## AIM OF THE TASK:
Below are some records. Write out exactly their lines from the one with "Board: 2 copper layers, 56.0" through the one with "2018-11-26 Initial mechanical stuff", and leave the pictures behind.

## INPUT RECORDS:
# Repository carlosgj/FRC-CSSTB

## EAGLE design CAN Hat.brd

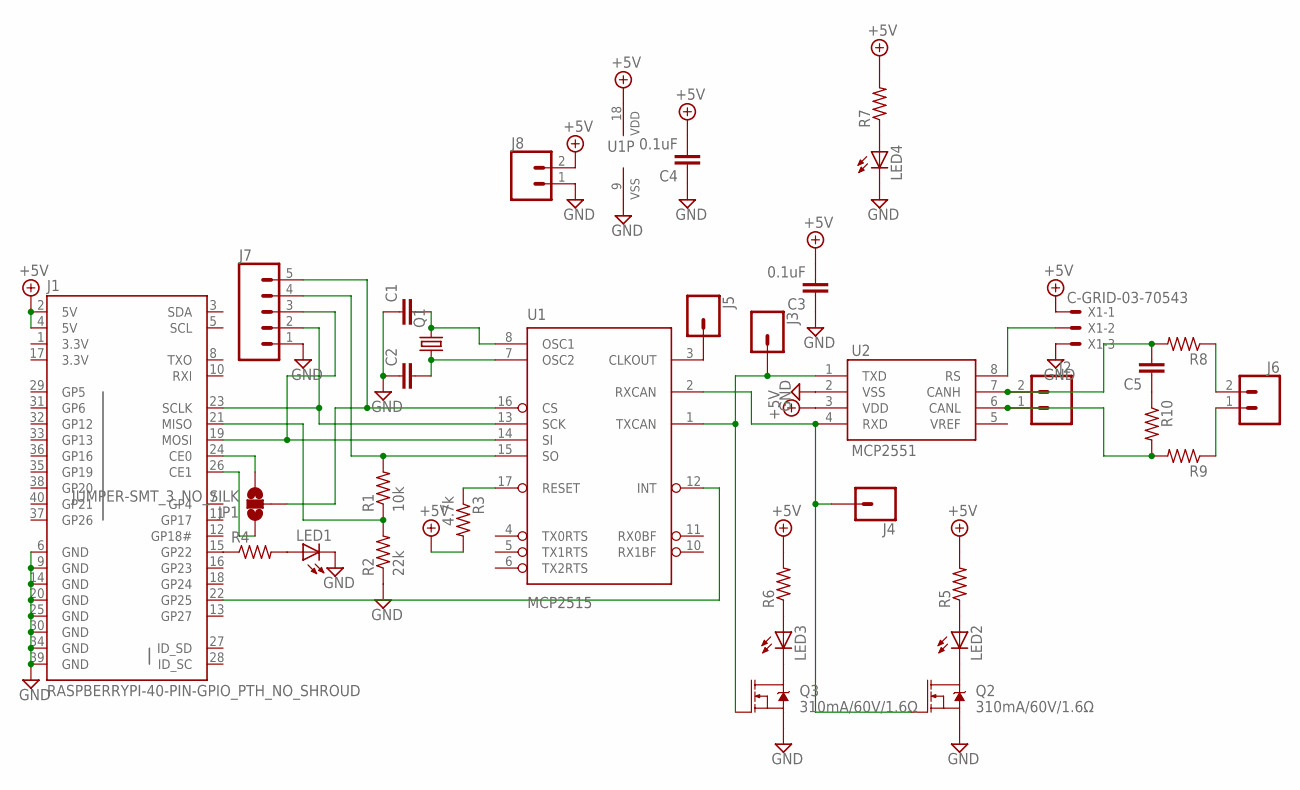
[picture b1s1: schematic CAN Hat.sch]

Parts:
C1, C2, C5: C-EUC1206; C1206
C3, C4: 0.1uF; C1206
J1: RASPBERRYPI-40-PIN-GPIO_PTH_NO_SHROUD; 2X20
J2, J6: CONN_02; 1X02
J3, J4, J5: CONN_01; 1X01
J7: CONN_05; 1X05
J8: CONN_023.5MM; SCREWTERMINAL-3.5MM-2
JP1: JUMPER-SMT_3_NO_SILK; SMT-JUMPER_3_NO_SILK
LED1, LED2, LED3, LED4: LED3MM
Q1: CRYSTALHC49U70; HC49U70
Q2, Q3: 310mA/60V/1.6Ω; SOT323
R1: 10k; R1206
R2: 22k; R1206
R3: 4.7k; R1206
R4, R5, R6, R7, R8, R9, R10: R-US_R1206; R1206
U1: MCP2515; DIP18
U2: MCP2551; SO08
X1: C-GRID-03-70543; 70543-03

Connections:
3.3V: J1.1 (3.3V), J1.17 (3.3V)
+5V: C3.2, C4.2, J1.2 (5V), J1.4 (5V), J8.2, R3.2, R5.2, R6.2, R7.2, U1.18 (VDD), U2.3 (VDD), X1.1
GND: C1.1, C2.1, C3.1, C4.1, J1.6 (GND), J1.9 (GND), J1.14 (GND), J1.20 (GND), J1.25 (GND), J1.30 (GND), J1.34 (GND), J1.39 (GND), J7.1, J8.1, LED1.K (C), LED4.K (C), Q2.2 (S), Q3.2 (S), R2.1, U1.9 (VSS), U2.2 (VSS), X1.3
unnamed: J4.1, Q2.1 (G), U1.2 (RXCAN), U2.4 (RXD)
unnamed: J3.1, Q3.1 (G), U1.1 (TXCAN), U2.1 (TXD)
unnamed: C2.2, Q1.1, U1.7 (OSC2)
unnamed: C1.2, Q1.2, U1.8 (OSC1)
unnamed: LED4.A, R7.1
unnamed: J7.5, JP1.2, U1.16 (CS)
unnamed: J1.24 (CE0), JP1.3
unnamed: J1.26 (CE1), JP1.1
unnamed: R3.1, U1.17 (RESET)
unnamed: J1.23 (SCLK), J7.2, U1.13 (SCK)
unnamed: J1.19 (MOSI), J7.3, U1.14 (SI)
unnamed: J1.21 (MISO), R1.1, R2.2
unnamed: J1.22 (GP25), U1.12 (INT)
unnamed: U2.8 (RS), X1.2
unnamed: J1.15 (GP22), R4.1
unnamed: LED1.A, R4.2
unnamed: J2.1, R9.2, R10.2, U2.6 (CANL)
unnamed: C5.2, J2.2, R8.2, U2.7 (CANH)
unnamed: LED2.K (C), Q2.3 (D)
unnamed: LED2.A, R5.1
unnamed: LED3.A, R6.1
unnamed: LED3.K (C), Q3.3 (D)
unnamed: J5.1, U1.3 (CLKOUT)
unnamed: J6.1, R9.1
unnamed: J6.2, R8.1
unnamed: J7.4, R1.2, U1.15 (SO)
unnamed: C5.1, R10.1

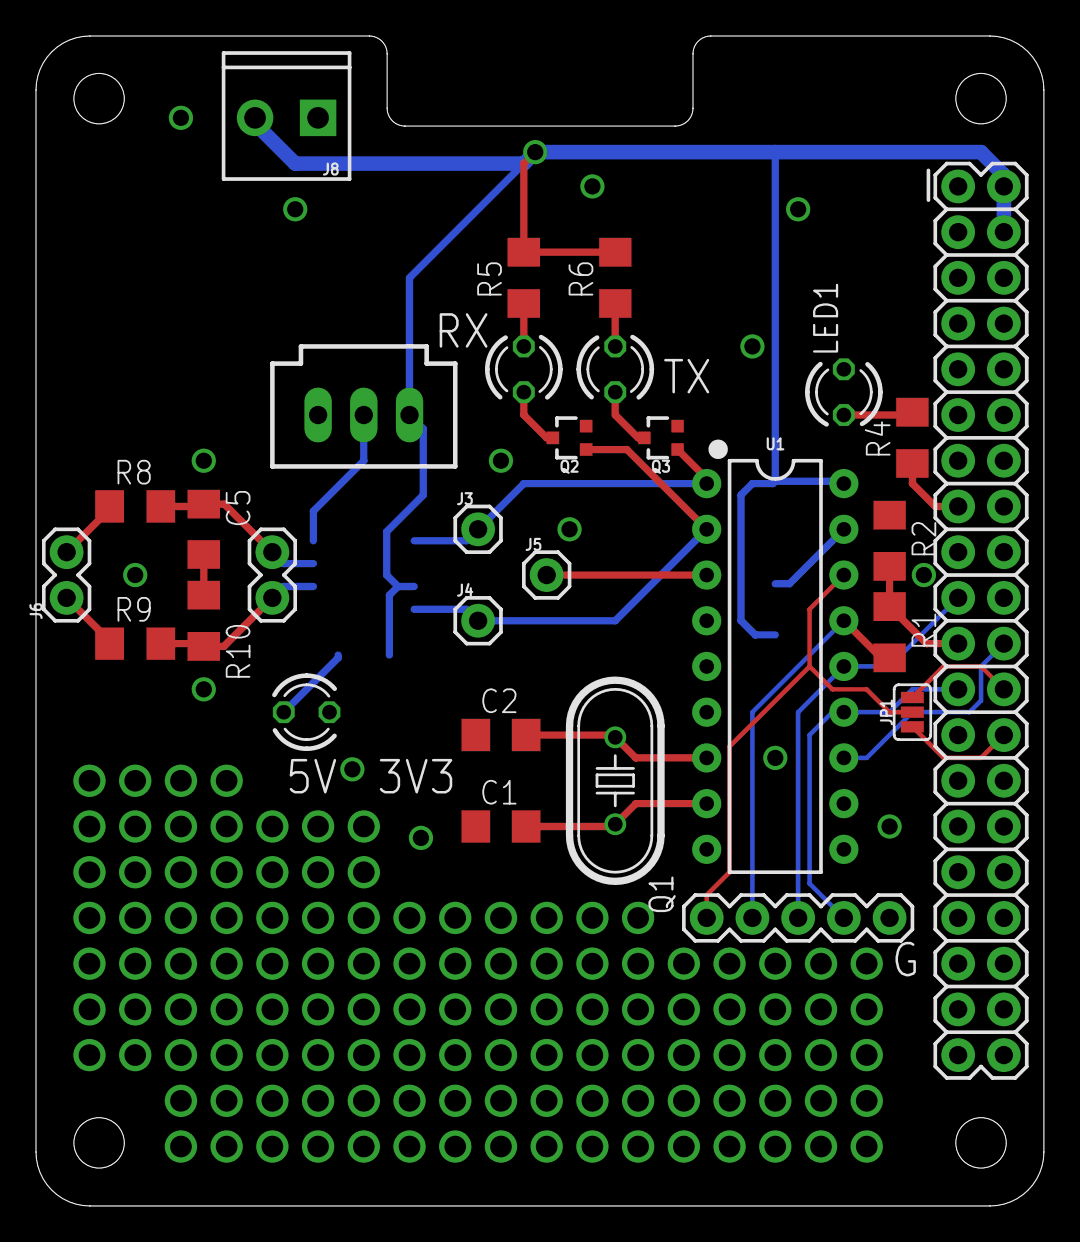
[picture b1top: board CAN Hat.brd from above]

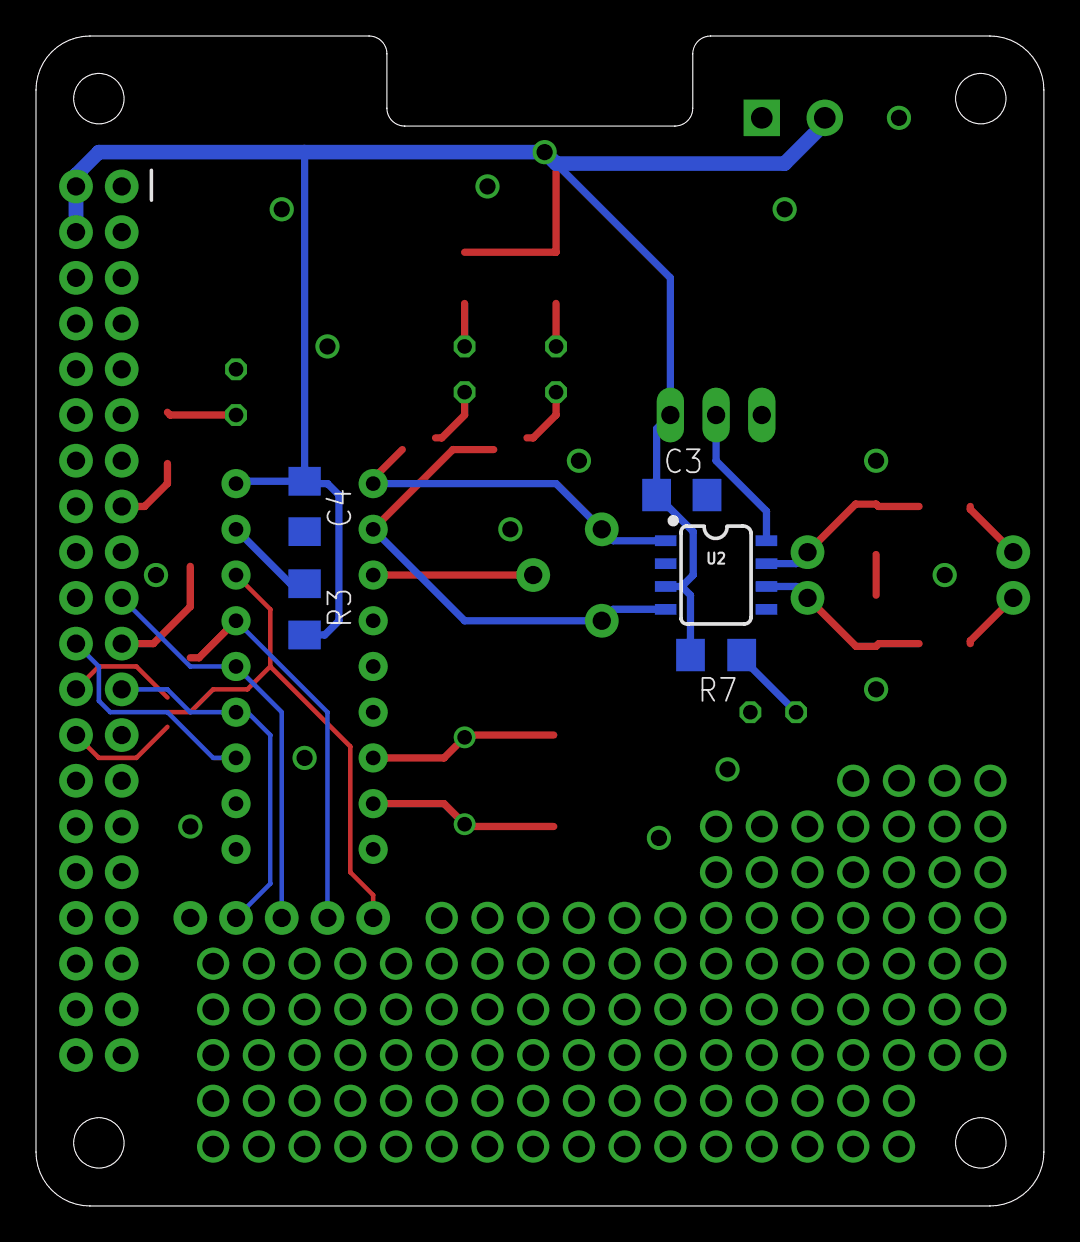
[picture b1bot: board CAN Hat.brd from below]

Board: 2 copper layers, 56.0 x 65.0 mm, 34 parts (5 on the bottom side), 30 nets.

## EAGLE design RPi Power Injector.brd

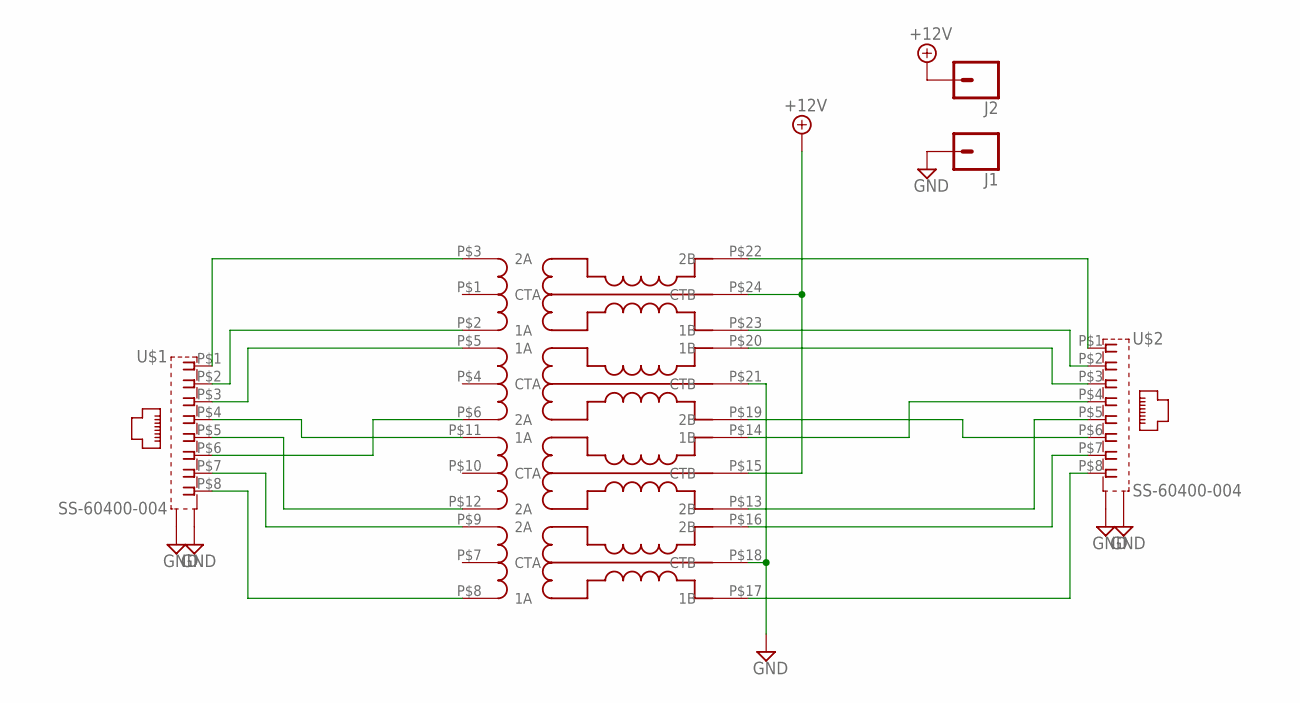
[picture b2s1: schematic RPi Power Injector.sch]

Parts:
J1, J2: CONN_01; 1X01
U$1, U$2: SS-60400-004
U$3: SM51589PEL; SOIC-24-EW

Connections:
1A_N: U$1.P$2 (2), U$3.P$2 (1A)
1A_P: U$1.P$1 (1), U$3.P$3 (2A)
1B_N: U$2.P$2 (2), U$3.P$23 (1B)
1B_P: U$2.P$1 (1), U$3.P$22 (2B)
2A_N: U$1.P$6 (6), U$3.P$6 (2A)
2A_P: U$1.P$3 (3), U$3.P$5 (1A)
2B_N: U$2.P$6 (6), U$3.P$19 (2B)
2B_P: U$2.P$3 (3), U$3.P$20 (1B)
3A_N: U$1.P$5 (5), U$3.P$12 (2A)
3A_P: U$1.P$4 (4), U$3.P$11 (1A)
3B_N: U$2.P$5 (5), U$3.P$13 (2B)
3B_P: U$2.P$4 (4), U$3.P$14 (1B)
4A_N: U$1.P$8 (8), U$3.P$8 (1A)
4A_P: U$1.P$7 (7), U$3.P$9 (2A)
4B_N: U$2.P$8 (8), U$3.P$17 (1B)
4B_P: U$2.P$7 (7), U$3.P$16 (2B)
+12V: J2.1, U$3.P$15 (CTB), U$3.P$24 (CTB)
GND: J1.1, U$1.GND@1 (S1), U$1.GND@2 (S2), U$2.GND@1 (S1), U$2.GND@2 (S2), U$3.P$18 (CTB), U$3.P$21 (CTB)

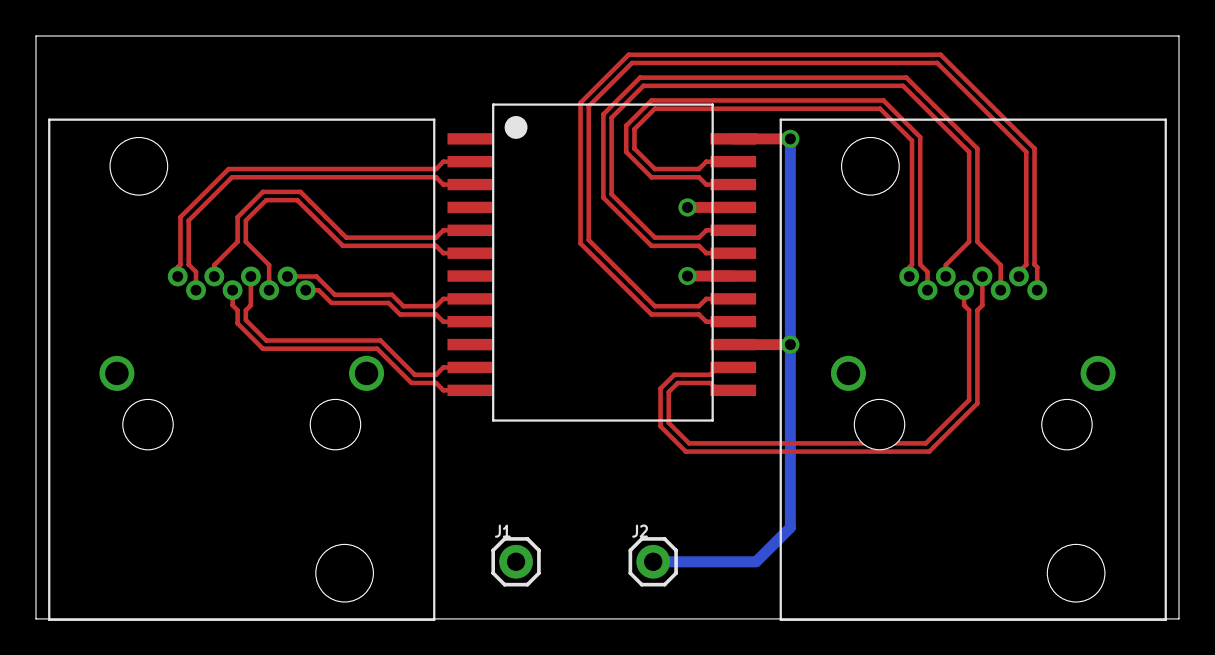
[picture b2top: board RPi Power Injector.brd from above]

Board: 2 copper layers, 63.5 x 32.4 mm, 5 parts (0 on the bottom side), 18 nets.

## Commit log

2018-11-26 Initial mechanical stuff
2019-04-02 CAN monitor PCB
2019-04-02 CAN monitor updates
2019-04-17 Core panel assembly
2019-05-06 Part 1 writeup
2019-05-06 Finished Part 1
2019-05-18 Adding Part II
2019-06-24 Adding part III
2019-06-24 Adding part IV

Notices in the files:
parts and their libraries:
SparkFun-IC-Comms: Licensing: Creative Commons ShareAlike 4.0 International - https://creativecommons.org/licenses/by-sa/4.0

## PROBLEM SOLUTION:
Board: 2 copper layers, 56.0 x 65.0 mm, 34 parts (5 on the bottom side), 30 nets.

## EAGLE design RPi Power Injector.brd

[picture b2s1: schematic RPi Power Injector.sch]

Parts:
J1, J2: CONN_01; 1X01
U$1, U$2: SS-60400-004
U$3: SM51589PEL; SOIC-24-EW

Connections:
1A_N: U$1.P$2 (2), U$3.P$2 (1A)
1A_P: U$1.P$1 (1), U$3.P$3 (2A)
1B_N: U$2.P$2 (2), U$3.P$23 (1B)
1B_P: U$2.P$1 (1), U$3.P$22 (2B)
2A_N: U$1.P$6 (6), U$3.P$6 (2A)
2A_P: U$1.P$3 (3), U$3.P$5 (1A)
2B_N: U$2.P$6 (6), U$3.P$19 (2B)
2B_P: U$2.P$3 (3), U$3.P$20 (1B)
3A_N: U$1.P$5 (5), U$3.P$12 (2A)
3A_P: U$1.P$4 (4), U$3.P$11 (1A)
3B_N: U$2.P$5 (5), U$3.P$13 (2B)
3B_P: U$2.P$4 (4), U$3.P$14 (1B)
4A_N: U$1.P$8 (8), U$3.P$8 (1A)
4A_P: U$1.P$7 (7), U$3.P$9 (2A)
4B_N: U$2.P$8 (8), U$3.P$17 (1B)
4B_P: U$2.P$7 (7), U$3.P$16 (2B)
+12V: J2.1, U$3.P$15 (CTB), U$3.P$24 (CTB)
GND: J1.1, U$1.GND@1 (S1), U$1.GND@2 (S2), U$2.GND@1 (S1), U$2.GND@2 (S2), U$3.P$18 (CTB), U$3.P$21 (CTB)

[picture b2top: board RPi Power Injector.brd from above]

Board: 2 copper layers, 63.5 x 32.4 mm, 5 parts (0 on the bottom side), 18 nets.

## Commit log

2018-11-26 Initial mechanical stuff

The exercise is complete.